Don’t forget to watch this useful video to help you make the dish quicker.
Who Shouldn’t Enjoy the Dish?
If you are wondering whether you should eat chicken or not, you have to read this section to find information.
- Chicken contains cholesterol the same as red meat; if you are suffering problems relating to the high level of cholesterol, you should consider when enjoying this dish.
- If you are allergic to any ingredient in the recipe, please think carefully before eating it.
- For example, eat chicken can cause some allergic symptoms such as itchy, sneezing, difficulty in breathing, sore throat, hives, and more. If you are allergic to chicken, you can be allergic to poultry, fish, and shrimp.
Therefore, when you alter chicken to other meat, you should avoid using them. - If your body doesn’t allow you to consume a large amount of sodium, you can just eat a little bit of the dish since its sodium level is quite high.
Albondigas Soup
Albondigas means meatballs in Spanish that are made of beef and rice. Your body will get nutrients from veggies since this dish contains potatoes, carrots, and more.

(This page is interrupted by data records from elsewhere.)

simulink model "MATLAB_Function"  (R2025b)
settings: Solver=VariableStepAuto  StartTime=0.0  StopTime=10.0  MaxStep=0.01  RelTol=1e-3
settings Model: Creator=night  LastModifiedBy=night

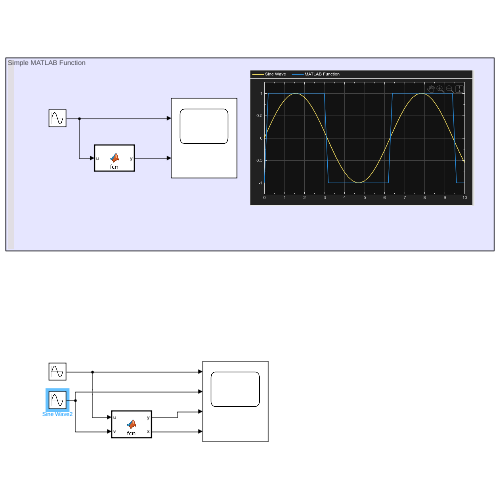
[thumbnail: Simulink's stored preview of the top-level diagram]
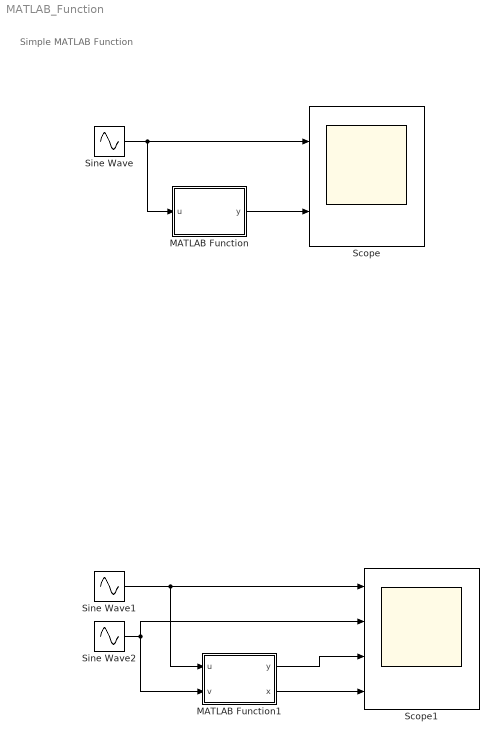
== system MATLAB_Function ==
  note: Simple MATLAB Function
  MATLAB Function : MATLAB Function  TreatAsAtomicUnit=on
  MATLAB Function1 : MATLAB Function  TreatAsAtomicUnit=on
  Scope : Scope  NumInputPorts=2
      settings: ActiveDisplayYMinimum=-1.2456318853205086  ActiveDisplayYMaximum=1.2490408795261734
  Scope1 : Scope  NumInputPorts=4
      settings: ActiveDisplayYMinimum=-1.7677258255930697  ActiveDisplayYMaximum=1.7677423790464708
  Sine Wave : Sin  Frequency=2  SampleTime=0
  Sine Wave1 : Sin  Frequency=2  SampleTime=0
  Sine Wave2 : Sin  Frequency=2  Phase=pi/2  SampleTime=0
  wires:
  Sine Wave/1 -> MATLAB Function/1(u), Scope/1
  MATLAB Function/1(y) -> Scope/2
  Sine Wave1/1 -> MATLAB Function1/1(u), Scope1/1
  Sine Wave2/1 -> Scope1/2, MATLAB Function1/2(v)
  MATLAB Function1/1(y) -> Scope1/3
  MATLAB Function1/2(x) -> Scope1/4

== matlab function MATLAB_Function/MATLAB Function ==
  data: u input; y output
function y = fcn(u)
if u > 0
    y = 1;
else 
    y = -1
end

== matlab function MATLAB_Function/MATLAB Function1 ==
  data: u input; y output; v input; x output
function [y,x] = fcn(u,v)
if u > v
    y = 1;
    x = u + v;
else 
    y = 0;
    x = 0;
end
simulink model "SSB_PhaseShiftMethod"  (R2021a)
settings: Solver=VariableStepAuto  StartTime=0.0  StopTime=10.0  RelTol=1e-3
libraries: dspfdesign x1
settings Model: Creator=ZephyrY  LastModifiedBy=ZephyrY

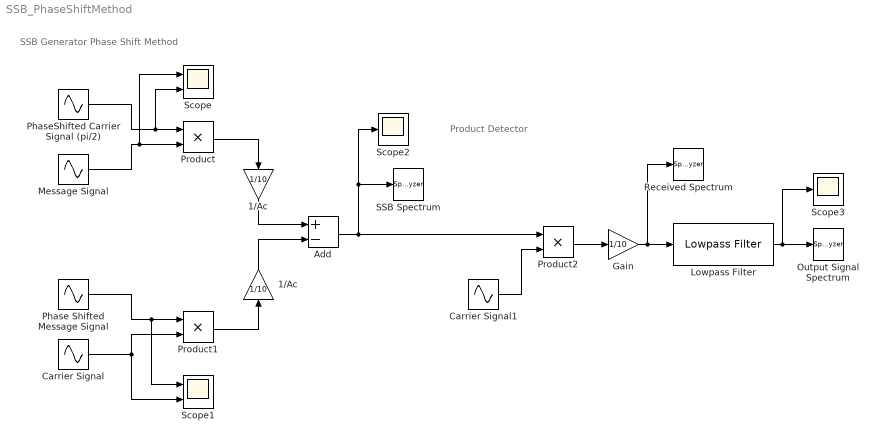
== system SSB_PhaseShiftMethod ==
  note: Product Detector
  note: SSB Generator
      | Phase Shift Method
  1/Ac : Gain  Gain=1/10
  "1/Ac " : Gain  Gain=1/10
  Add : Sum  Inputs=+-
  Carrier Signal : Sin  Amplitude=10  Frequency=2*pi*100  Phase=pi/2  SampleTime=1e-3
  Carrier Signal1 : Sin  Amplitude=10  Frequency=2*pi*100  Phase=pi/2  SampleTime=1e-3
  Gain : Gain  Gain=1/10
  Lowpass Filter : dspfdesign/Lowpass Filter  FilterType=FIR  DesignForMinimumOrder=off  FilterOrder=50  PassbandFrequency=15  StopbandFrequency=12e3  PassbandRipple=0.1  StopbandAttenuation=80  InheritSampleRate=on  SampleRate=44100  SimulateUsing=Interpreted execution  roundingMode=Floor  coeffsDataTypeStr=fixdt(1,16)
  Message Signal : Sin  Amplitude=5  Frequency=2*pi*10  Phase=pi/2  SampleTime=1e-3
  Output Signal Spectrum : SpectrumAnalyzer
  Phase Shifted Message Signal : Sin  Amplitude=5  Frequency=2*pi*10  Phase=pi  SampleTime=1e-3
  PhaseShifted Carrier Signal (pi/2) : Sin  Amplitude=10  Frequency=2*pi*100  Phase=pi  SampleTime=1e-3
  Product : Product
  Product1 : Product
  Product2 : Product
  Received Spectrum : SpectrumAnalyzer
  SSB Spectrum : SpectrumAnalyzer
  Scope : Scope  NumInputPorts=2
  Scope1 : Scope  NumInputPorts=2
  Scope2 : Scope
  Scope3 : Scope
  wires:
  PhaseShifted Carrier Signal (pi/2)/1 -> Scope/2, Product/1
  Message Signal/1 -> Scope/1, Product/2
  Carrier Signal/1 -> Scope1/2, Product1/2
  Product1/1 -> "1/Ac "/1
  Product/1 -> 1/Ac/1
  1/Ac/1 -> Add/1
  "1/Ac "/1 -> Add/2
  Phase Shifted Message Signal/1 -> Scope1/1, Product1/1
  Carrier Signal1/1 -> Product2/2
  Add/1 -> Product2/1, SSB Spectrum/1, Scope2/1
  Product2/1 -> Gain/1
  Gain/1 -> Lowpass Filter/1, Received Spectrum/1
  Lowpass Filter/1 -> Scope3/1, Output Signal Spectrum/1
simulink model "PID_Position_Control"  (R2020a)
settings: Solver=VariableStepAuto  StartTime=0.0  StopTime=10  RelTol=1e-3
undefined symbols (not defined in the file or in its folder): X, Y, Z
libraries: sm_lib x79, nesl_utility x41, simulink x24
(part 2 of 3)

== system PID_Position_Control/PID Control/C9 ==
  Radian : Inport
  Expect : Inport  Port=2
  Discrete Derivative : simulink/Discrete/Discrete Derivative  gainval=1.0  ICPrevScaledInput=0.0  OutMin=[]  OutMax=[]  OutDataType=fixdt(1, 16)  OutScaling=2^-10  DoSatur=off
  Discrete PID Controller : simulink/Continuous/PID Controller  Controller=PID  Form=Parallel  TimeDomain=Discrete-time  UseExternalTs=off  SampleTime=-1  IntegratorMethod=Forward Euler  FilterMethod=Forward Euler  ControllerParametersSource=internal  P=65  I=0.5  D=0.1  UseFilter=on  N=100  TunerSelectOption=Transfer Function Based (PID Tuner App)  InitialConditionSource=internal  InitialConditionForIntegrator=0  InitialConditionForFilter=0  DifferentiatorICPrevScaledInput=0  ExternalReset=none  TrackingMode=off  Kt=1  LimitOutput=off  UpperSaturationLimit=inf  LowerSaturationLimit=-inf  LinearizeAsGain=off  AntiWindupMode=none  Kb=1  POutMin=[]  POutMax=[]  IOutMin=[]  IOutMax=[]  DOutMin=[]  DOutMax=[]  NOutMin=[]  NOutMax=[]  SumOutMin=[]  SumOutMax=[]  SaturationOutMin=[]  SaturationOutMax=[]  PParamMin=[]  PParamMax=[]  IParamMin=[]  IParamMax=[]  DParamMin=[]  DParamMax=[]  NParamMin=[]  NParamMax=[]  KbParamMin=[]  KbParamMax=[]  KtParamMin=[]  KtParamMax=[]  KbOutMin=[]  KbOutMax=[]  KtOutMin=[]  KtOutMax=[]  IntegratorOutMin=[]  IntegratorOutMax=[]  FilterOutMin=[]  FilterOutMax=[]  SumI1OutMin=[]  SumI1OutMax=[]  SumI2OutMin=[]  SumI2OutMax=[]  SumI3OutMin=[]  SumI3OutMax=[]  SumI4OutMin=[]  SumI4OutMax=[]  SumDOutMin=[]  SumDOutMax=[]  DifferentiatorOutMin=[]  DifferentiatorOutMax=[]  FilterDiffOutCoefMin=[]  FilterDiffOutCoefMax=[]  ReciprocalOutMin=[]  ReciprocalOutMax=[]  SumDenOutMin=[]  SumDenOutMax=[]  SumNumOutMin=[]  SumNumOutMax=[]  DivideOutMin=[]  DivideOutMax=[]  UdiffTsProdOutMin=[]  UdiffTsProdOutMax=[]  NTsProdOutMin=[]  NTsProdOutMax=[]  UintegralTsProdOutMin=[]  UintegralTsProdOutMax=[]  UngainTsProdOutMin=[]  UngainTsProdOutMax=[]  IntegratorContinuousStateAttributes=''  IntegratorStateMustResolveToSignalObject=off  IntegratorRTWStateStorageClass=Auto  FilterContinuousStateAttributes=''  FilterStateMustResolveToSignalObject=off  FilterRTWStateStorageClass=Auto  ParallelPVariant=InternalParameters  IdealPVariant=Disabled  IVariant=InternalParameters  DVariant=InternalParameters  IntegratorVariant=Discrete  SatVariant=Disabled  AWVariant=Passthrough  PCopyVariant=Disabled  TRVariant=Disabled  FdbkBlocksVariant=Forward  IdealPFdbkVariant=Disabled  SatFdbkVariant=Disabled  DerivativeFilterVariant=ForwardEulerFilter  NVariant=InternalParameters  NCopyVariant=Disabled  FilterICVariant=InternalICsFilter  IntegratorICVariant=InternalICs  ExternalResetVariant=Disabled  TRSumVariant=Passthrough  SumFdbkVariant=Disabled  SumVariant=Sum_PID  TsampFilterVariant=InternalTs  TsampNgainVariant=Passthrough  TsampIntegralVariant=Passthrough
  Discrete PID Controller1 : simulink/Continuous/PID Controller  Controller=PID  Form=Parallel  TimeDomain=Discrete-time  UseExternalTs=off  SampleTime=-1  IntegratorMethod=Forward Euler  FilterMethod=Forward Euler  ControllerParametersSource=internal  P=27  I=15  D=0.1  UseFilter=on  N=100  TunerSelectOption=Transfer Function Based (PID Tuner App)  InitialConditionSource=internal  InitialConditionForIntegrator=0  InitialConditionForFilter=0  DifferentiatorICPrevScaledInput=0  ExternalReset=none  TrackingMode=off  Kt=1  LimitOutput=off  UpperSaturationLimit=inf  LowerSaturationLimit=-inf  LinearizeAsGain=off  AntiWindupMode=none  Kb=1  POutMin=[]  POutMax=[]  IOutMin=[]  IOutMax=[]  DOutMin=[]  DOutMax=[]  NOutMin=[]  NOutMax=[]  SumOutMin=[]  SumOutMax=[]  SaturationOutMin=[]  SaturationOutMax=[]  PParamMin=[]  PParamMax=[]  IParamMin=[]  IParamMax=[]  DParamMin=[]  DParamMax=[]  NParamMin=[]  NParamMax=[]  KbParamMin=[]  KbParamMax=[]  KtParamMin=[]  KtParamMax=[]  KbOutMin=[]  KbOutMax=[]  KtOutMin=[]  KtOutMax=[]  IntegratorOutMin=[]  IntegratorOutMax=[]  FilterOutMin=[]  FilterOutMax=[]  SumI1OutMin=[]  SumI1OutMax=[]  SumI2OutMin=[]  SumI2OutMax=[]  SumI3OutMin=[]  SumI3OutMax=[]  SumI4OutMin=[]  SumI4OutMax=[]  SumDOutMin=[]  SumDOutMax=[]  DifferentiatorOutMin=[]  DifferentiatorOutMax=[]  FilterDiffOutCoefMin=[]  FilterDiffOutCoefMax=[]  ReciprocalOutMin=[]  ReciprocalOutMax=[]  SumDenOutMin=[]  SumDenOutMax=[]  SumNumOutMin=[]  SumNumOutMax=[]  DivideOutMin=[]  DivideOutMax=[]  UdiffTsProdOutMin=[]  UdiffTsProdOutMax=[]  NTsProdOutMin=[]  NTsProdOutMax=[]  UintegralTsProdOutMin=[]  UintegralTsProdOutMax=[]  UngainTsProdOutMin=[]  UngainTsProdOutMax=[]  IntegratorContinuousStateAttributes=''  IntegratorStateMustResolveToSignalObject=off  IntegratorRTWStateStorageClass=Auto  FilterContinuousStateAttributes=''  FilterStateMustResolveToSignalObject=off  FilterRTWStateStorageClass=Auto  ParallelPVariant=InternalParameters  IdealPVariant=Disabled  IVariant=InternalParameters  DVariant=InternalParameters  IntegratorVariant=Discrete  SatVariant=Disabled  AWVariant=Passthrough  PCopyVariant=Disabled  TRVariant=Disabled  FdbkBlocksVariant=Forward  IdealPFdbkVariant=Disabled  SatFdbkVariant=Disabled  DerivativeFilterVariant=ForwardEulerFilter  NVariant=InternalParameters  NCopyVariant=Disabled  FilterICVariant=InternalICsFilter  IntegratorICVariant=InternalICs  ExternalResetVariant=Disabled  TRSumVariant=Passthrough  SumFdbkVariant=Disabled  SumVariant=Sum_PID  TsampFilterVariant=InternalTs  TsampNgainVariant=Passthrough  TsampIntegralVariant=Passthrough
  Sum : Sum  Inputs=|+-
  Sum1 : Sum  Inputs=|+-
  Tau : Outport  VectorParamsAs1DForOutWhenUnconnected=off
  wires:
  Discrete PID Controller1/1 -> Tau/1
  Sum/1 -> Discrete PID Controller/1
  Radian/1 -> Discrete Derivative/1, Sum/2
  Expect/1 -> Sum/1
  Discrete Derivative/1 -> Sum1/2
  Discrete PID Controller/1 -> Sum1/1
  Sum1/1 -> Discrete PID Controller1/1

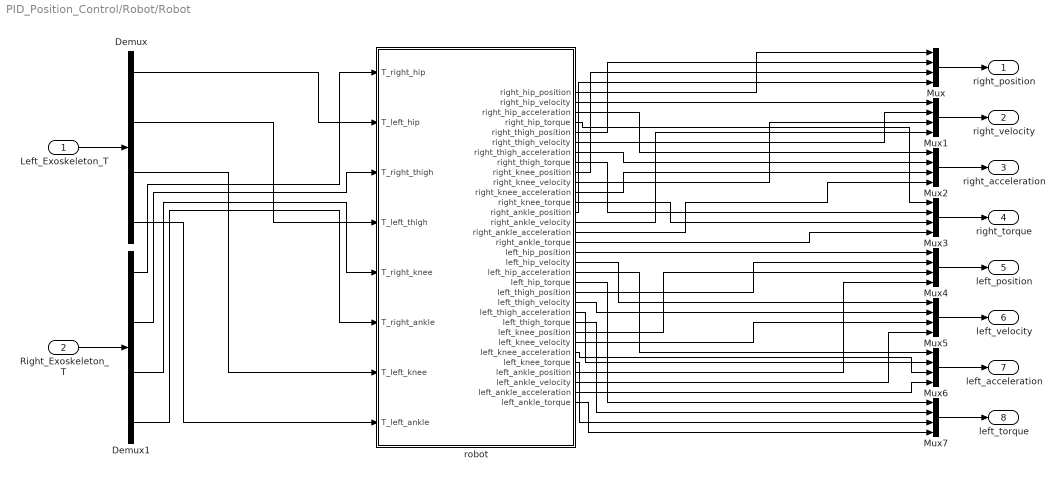
== system PID_Position_Control/Robot/Robot ==
  Left_Exoskeleton_T : Inport
  Right_Exoskeleton_T : Inport  Port=2
  Demux : Demux
  Demux1 : Demux
  Mux{,1..7} (8 alike) : Mux
  robot : Subsystem
  right_position : Outport  VectorParamsAs1DForOutWhenUnconnected=off
  right_velocity : Outport  Port=2  VectorParamsAs1DForOutWhenUnconnected=off
  right_acceleration : Outport  Port=3  VectorParamsAs1DForOutWhenUnconnected=off
  right_torque : Outport  Port=4  VectorParamsAs1DForOutWhenUnconnected=off
  left_position : Outport  Port=5  VectorParamsAs1DForOutWhenUnconnected=off
  left_velocity : Outport  Port=6  VectorParamsAs1DForOutWhenUnconnected=off
  left_acceleration : Outport  Port=7  VectorParamsAs1DForOutWhenUnconnected=off
  left_torque : Outport  Port=8  VectorParamsAs1DForOutWhenUnconnected=off
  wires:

Nutrition Facts of 1 Serving Size:
Calories | 269 kcal |
Fat | 10g |
Sodium | 678mg |
Potassium | 1060mg |
Carbohydrates | 21g |
Protein | 22g |
What You Need for 6 Servings:
For meatballs
- 1 pound of lean ground beef
- 1 tsp of minced garlic
- 1 egg
- ½ cups cooked white rice
- ¼ cups of chopped cilantro leaves
- ¼ tsp of pepper
- ¾ tsp of Kosher salt
For the soup:
- 2 tsp of olive oil
- 2 cups of diced onion
- 3 medium-sized carrots (peeled and sliced)
- 6 cups of beef broth
- 5 cups of Russet potatoes (peeled and cut into cubes about ½ inch)
- 8 oz of canned tomato sauce
- 15 oz of canned diced tomatoes
- ½ tsp of ground cumin
- 1/4 cups of chopped cilantro leaves
- ½ tsp of dried oregano
- 1 large sliced zucchini
- Pepper and salt
How to cook:
- Step 1: You need to make meatballs ahead. Pour all ingredients for meatball into a large bowl and whisk them until everything is combined well. Make sure salt is dissolved completely.
- Step 2: Take a spoon by spoon out of the mixture and roll it into ¾ inch. Remember to make the same size for a quick-to-cook and eye-catching appearance. Then, place the meatballs on the trays and place them in the fridge. You can use the great frozen meatballs that you just need to thaw and drop into the sauce.
- Step 3: After refrigerating meatballs, you can start making the soup. Before adding onion and carrot to a large pot, you have to heat the oil on medium heat to ensure the aroma can release. You need to spend 3-4 minutes cooking them.
- Step 4: Add the garlic and stir for 30 seconds to avoid burning the garlic. Put all ingredients for soup into the pot except for zucchini and chopped cilantro since they are easy to overcook. Then reduce the heat to a simmering setting and simmer for 10 minutes.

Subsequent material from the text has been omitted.